DATA RECORDS: Begin
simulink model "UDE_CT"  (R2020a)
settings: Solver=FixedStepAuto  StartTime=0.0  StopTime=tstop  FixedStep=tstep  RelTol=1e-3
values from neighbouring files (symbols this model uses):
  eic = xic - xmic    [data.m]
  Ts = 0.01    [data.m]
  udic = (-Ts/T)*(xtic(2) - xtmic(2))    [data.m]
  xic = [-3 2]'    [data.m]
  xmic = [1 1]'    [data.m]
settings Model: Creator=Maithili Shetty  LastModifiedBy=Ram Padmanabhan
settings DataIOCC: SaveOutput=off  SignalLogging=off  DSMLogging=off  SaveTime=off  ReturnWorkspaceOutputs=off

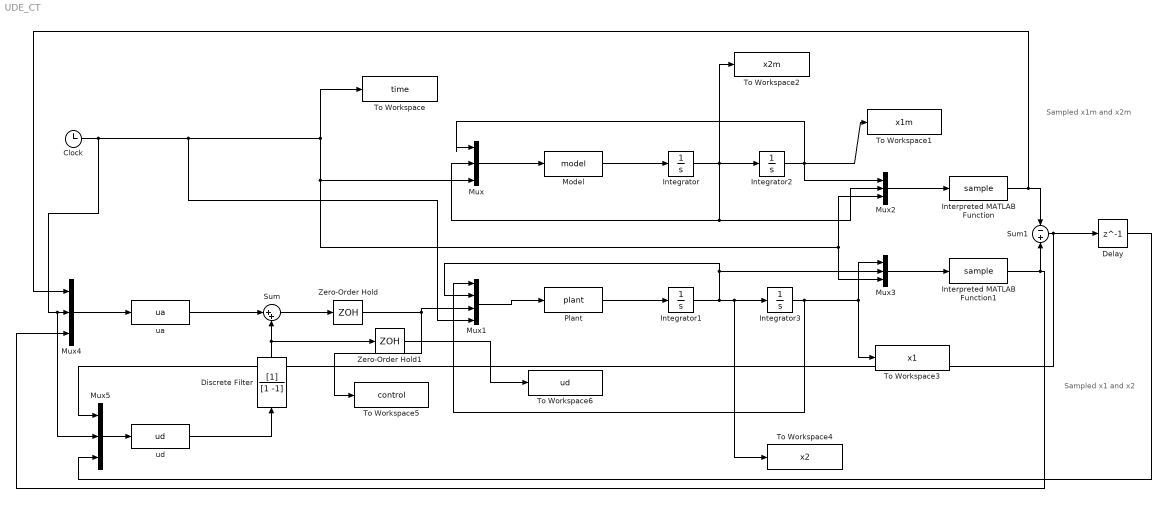
== system UDE_CT ==
  note: Sampled x1 and x2
  note: Sampled x1m and x2m
  Clock : Clock
  Delay : Delay  DelayLength=1  InitialCondition=eic  SampleTime=Ts
  Discrete Filter : DiscreteFilter  Denominator=[1 -1]  InitialStates=udic  SampleTime=Ts
  Integrator : Integrator  InitialCondition=xmic(2)
  Integrator1 : Integrator  InitialCondition=xic(2)
  Integrator2 : Integrator  InitialCondition=xmic(1)
  Integrator3 : Integrator  InitialCondition=xic(1)
  Interpreted MATLAB Function : MATLABFcn  MATLABFcn=sample  OutputDimensions=2
  Interpreted MATLAB Function1 : MATLABFcn  MATLABFcn=sample  OutputDimensions=2
  Model : MATLABFcn  MATLABFcn=model  OutputDimensions=1
  Mux{,2..5} (5 alike) : Mux  Inputs=3
  Mux1 : Mux
  Plant : MATLABFcn  MATLABFcn=plant  OutputDimensions=1
  Sum : Sum  Inputs=|++
  Sum1 : Sum  Inputs=-+
  To Workspace : ToWorkspace  VariableName=time  SampleTime=-1
  To Workspace1 : ToWorkspace  VariableName=x1m  SampleTime=-1
  To Workspace2 : ToWorkspace  VariableName=x2m  SampleTime=-1
  To Workspace3 : ToWorkspace  VariableName=x1  SampleTime=-1
  To Workspace4 : ToWorkspace  VariableName=x2  SampleTime=-1
  To Workspace5 : ToWorkspace  VariableName=control  SampleTime=-1
  To Workspace6 : ToWorkspace  VariableName=ud  SampleTime=-1
  Zero-Order Hold : ZeroOrderHold  SampleTime=Ts
  Zero-Order Hold1 : ZeroOrderHold  SampleTime=Ts
  ua : MATLABFcn  MATLABFcn=ua  OutputDimensions=1
  ud : MATLABFcn  MATLABFcn=ud  OutputDimensions=1
  wires:
  Model/1 -> Integrator/1
  Plant/1 -> Integrator1/1
  Integrator/1 -> Mux2/2, Mux/2, Integrator2/1, To Workspace2/1
  Integrator1/1 -> Mux1/2, Mux3/2, To Workspace4/1, Integrator3/1
  Integrator2/1 -> Mux/1, To Workspace1/1, Mux2/1
  Mux/1 -> Model/1
  Clock/1 -> Mux1/4, Mux3/3, Mux2/3, Mux/3, To Workspace/1, Mux5/2, Mux4/2
  Integrator3/1 -> Mux1/1, To Workspace3/1, Mux3/1
  Mux1/1 -> Plant/1
  Mux2/1 -> Interpreted MATLAB Function/1
  Mux3/1 -> Interpreted MATLAB Function1/1
  Interpreted MATLAB Function/1 -> Sum1/1, Mux4/1
  Interpreted MATLAB Function1/1 -> Mux4/3, Sum1/2
  Zero-Order Hold/1 -> To Workspace5/1, Mux1/3
  ud/1 -> Discrete Filter/1
  ua/1 -> Sum/1
  Discrete Filter/1 -> Sum/2, Zero-Order Hold1/1
  Sum/1 -> Zero-Order Hold/1
  Mux4/1 -> ua/1
  Zero-Order Hold1/1 -> To Workspace6/1
  Sum1/1 -> Mux5/1, Delay/1
  Mux5/1 -> ud/1
  Delay/1 -> Mux5/3
DATA RECORDS: End
- [TO DO]
Repeat every line above exactly, but omit all images.

- [ANSWER SECTION]
simulink model "UDE_CT"  (R2020a)
settings: Solver=FixedStepAuto  StartTime=0.0  StopTime=tstop  FixedStep=tstep  RelTol=1e-3
values from neighbouring files (symbols this model uses):
  eic = xic - xmic    [data.m]
  Ts = 0.01    [data.m]
  udic = (-Ts/T)*(xtic(2) - xtmic(2))    [data.m]
  xic = [-3 2]'    [data.m]
  xmic = [1 1]'    [data.m]
settings Model: Creator=Maithili Shetty  LastModifiedBy=Ram Padmanabhan
settings DataIOCC: SaveOutput=off  SignalLogging=off  DSMLogging=off  SaveTime=off  ReturnWorkspaceOutputs=off

== system UDE_CT ==
  note: Sampled x1 and x2
  note: Sampled x1m and x2m
  Clock : Clock
  Delay : Delay  DelayLength=1  InitialCondition=eic  SampleTime=Ts
  Discrete Filter : DiscreteFilter  Denominator=[1 -1]  InitialStates=udic  SampleTime=Ts
  Integrator : Integrator  InitialCondition=xmic(2)
  Integrator1 : Integrator  InitialCondition=xic(2)
  Integrator2 : Integrator  InitialCondition=xmic(1)
  Integrator3 : Integrator  InitialCondition=xic(1)
  Interpreted MATLAB Function : MATLABFcn  MATLABFcn=sample  OutputDimensions=2
  Interpreted MATLAB Function1 : MATLABFcn  MATLABFcn=sample  OutputDimensions=2
  Model : MATLABFcn  MATLABFcn=model  OutputDimensions=1
  Mux{,2..5} (5 alike) : Mux  Inputs=3
  Mux1 : Mux
  Plant : MATLABFcn  MATLABFcn=plant  OutputDimensions=1
  Sum : Sum  Inputs=|++
  Sum1 : Sum  Inputs=-+
  To Workspace : ToWorkspace  VariableName=time  SampleTime=-1
  To Workspace1 : ToWorkspace  VariableName=x1m  SampleTime=-1
  To Workspace2 : ToWorkspace  VariableName=x2m  SampleTime=-1
  To Workspace3 : ToWorkspace  VariableName=x1  SampleTime=-1
  To Workspace4 : ToWorkspace  VariableName=x2  SampleTime=-1
  To Workspace5 : ToWorkspace  VariableName=control  SampleTime=-1
  To Workspace6 : ToWorkspace  VariableName=ud  SampleTime=-1
  Zero-Order Hold : ZeroOrderHold  SampleTime=Ts
  Zero-Order Hold1 : ZeroOrderHold  SampleTime=Ts
  ua : MATLABFcn  MATLABFcn=ua  OutputDimensions=1
  ud : MATLABFcn  MATLABFcn=ud  OutputDimensions=1
  wires:
  Model/1 -> Integrator/1
  Plant/1 -> Integrator1/1
  Integrator/1 -> Mux2/2, Mux/2, Integrator2/1, To Workspace2/1
  Integrator1/1 -> Mux1/2, Mux3/2, To Workspace4/1, Integrator3/1
  Integrator2/1 -> Mux/1, To Workspace1/1, Mux2/1
  Mux/1 -> Model/1
  Clock/1 -> Mux1/4, Mux3/3, Mux2/3, Mux/3, To Workspace/1, Mux5/2, Mux4/2
  Integrator3/1 -> Mux1/1, To Workspace3/1, Mux3/1
  Mux1/1 -> Plant/1
  Mux2/1 -> Interpreted MATLAB Function/1
  Mux3/1 -> Interpreted MATLAB Function1/1
  Interpreted MATLAB Function/1 -> Sum1/1, Mux4/1
  Interpreted MATLAB Function1/1 -> Mux4/3, Sum1/2
  Zero-Order Hold/1 -> To Workspace5/1, Mux1/3
  ud/1 -> Discrete Filter/1
  ua/1 -> Sum/1
  Discrete Filter/1 -> Sum/2, Zero-Order Hold1/1
  Sum/1 -> Zero-Order Hold/1
  Mux4/1 -> ua/1
  Zero-Order Hold1/1 -> To Workspace6/1
  Sum1/1 -> Mux5/1, Delay/1
  Mux5/1 -> ud/1
  Delay/1 -> Mux5/3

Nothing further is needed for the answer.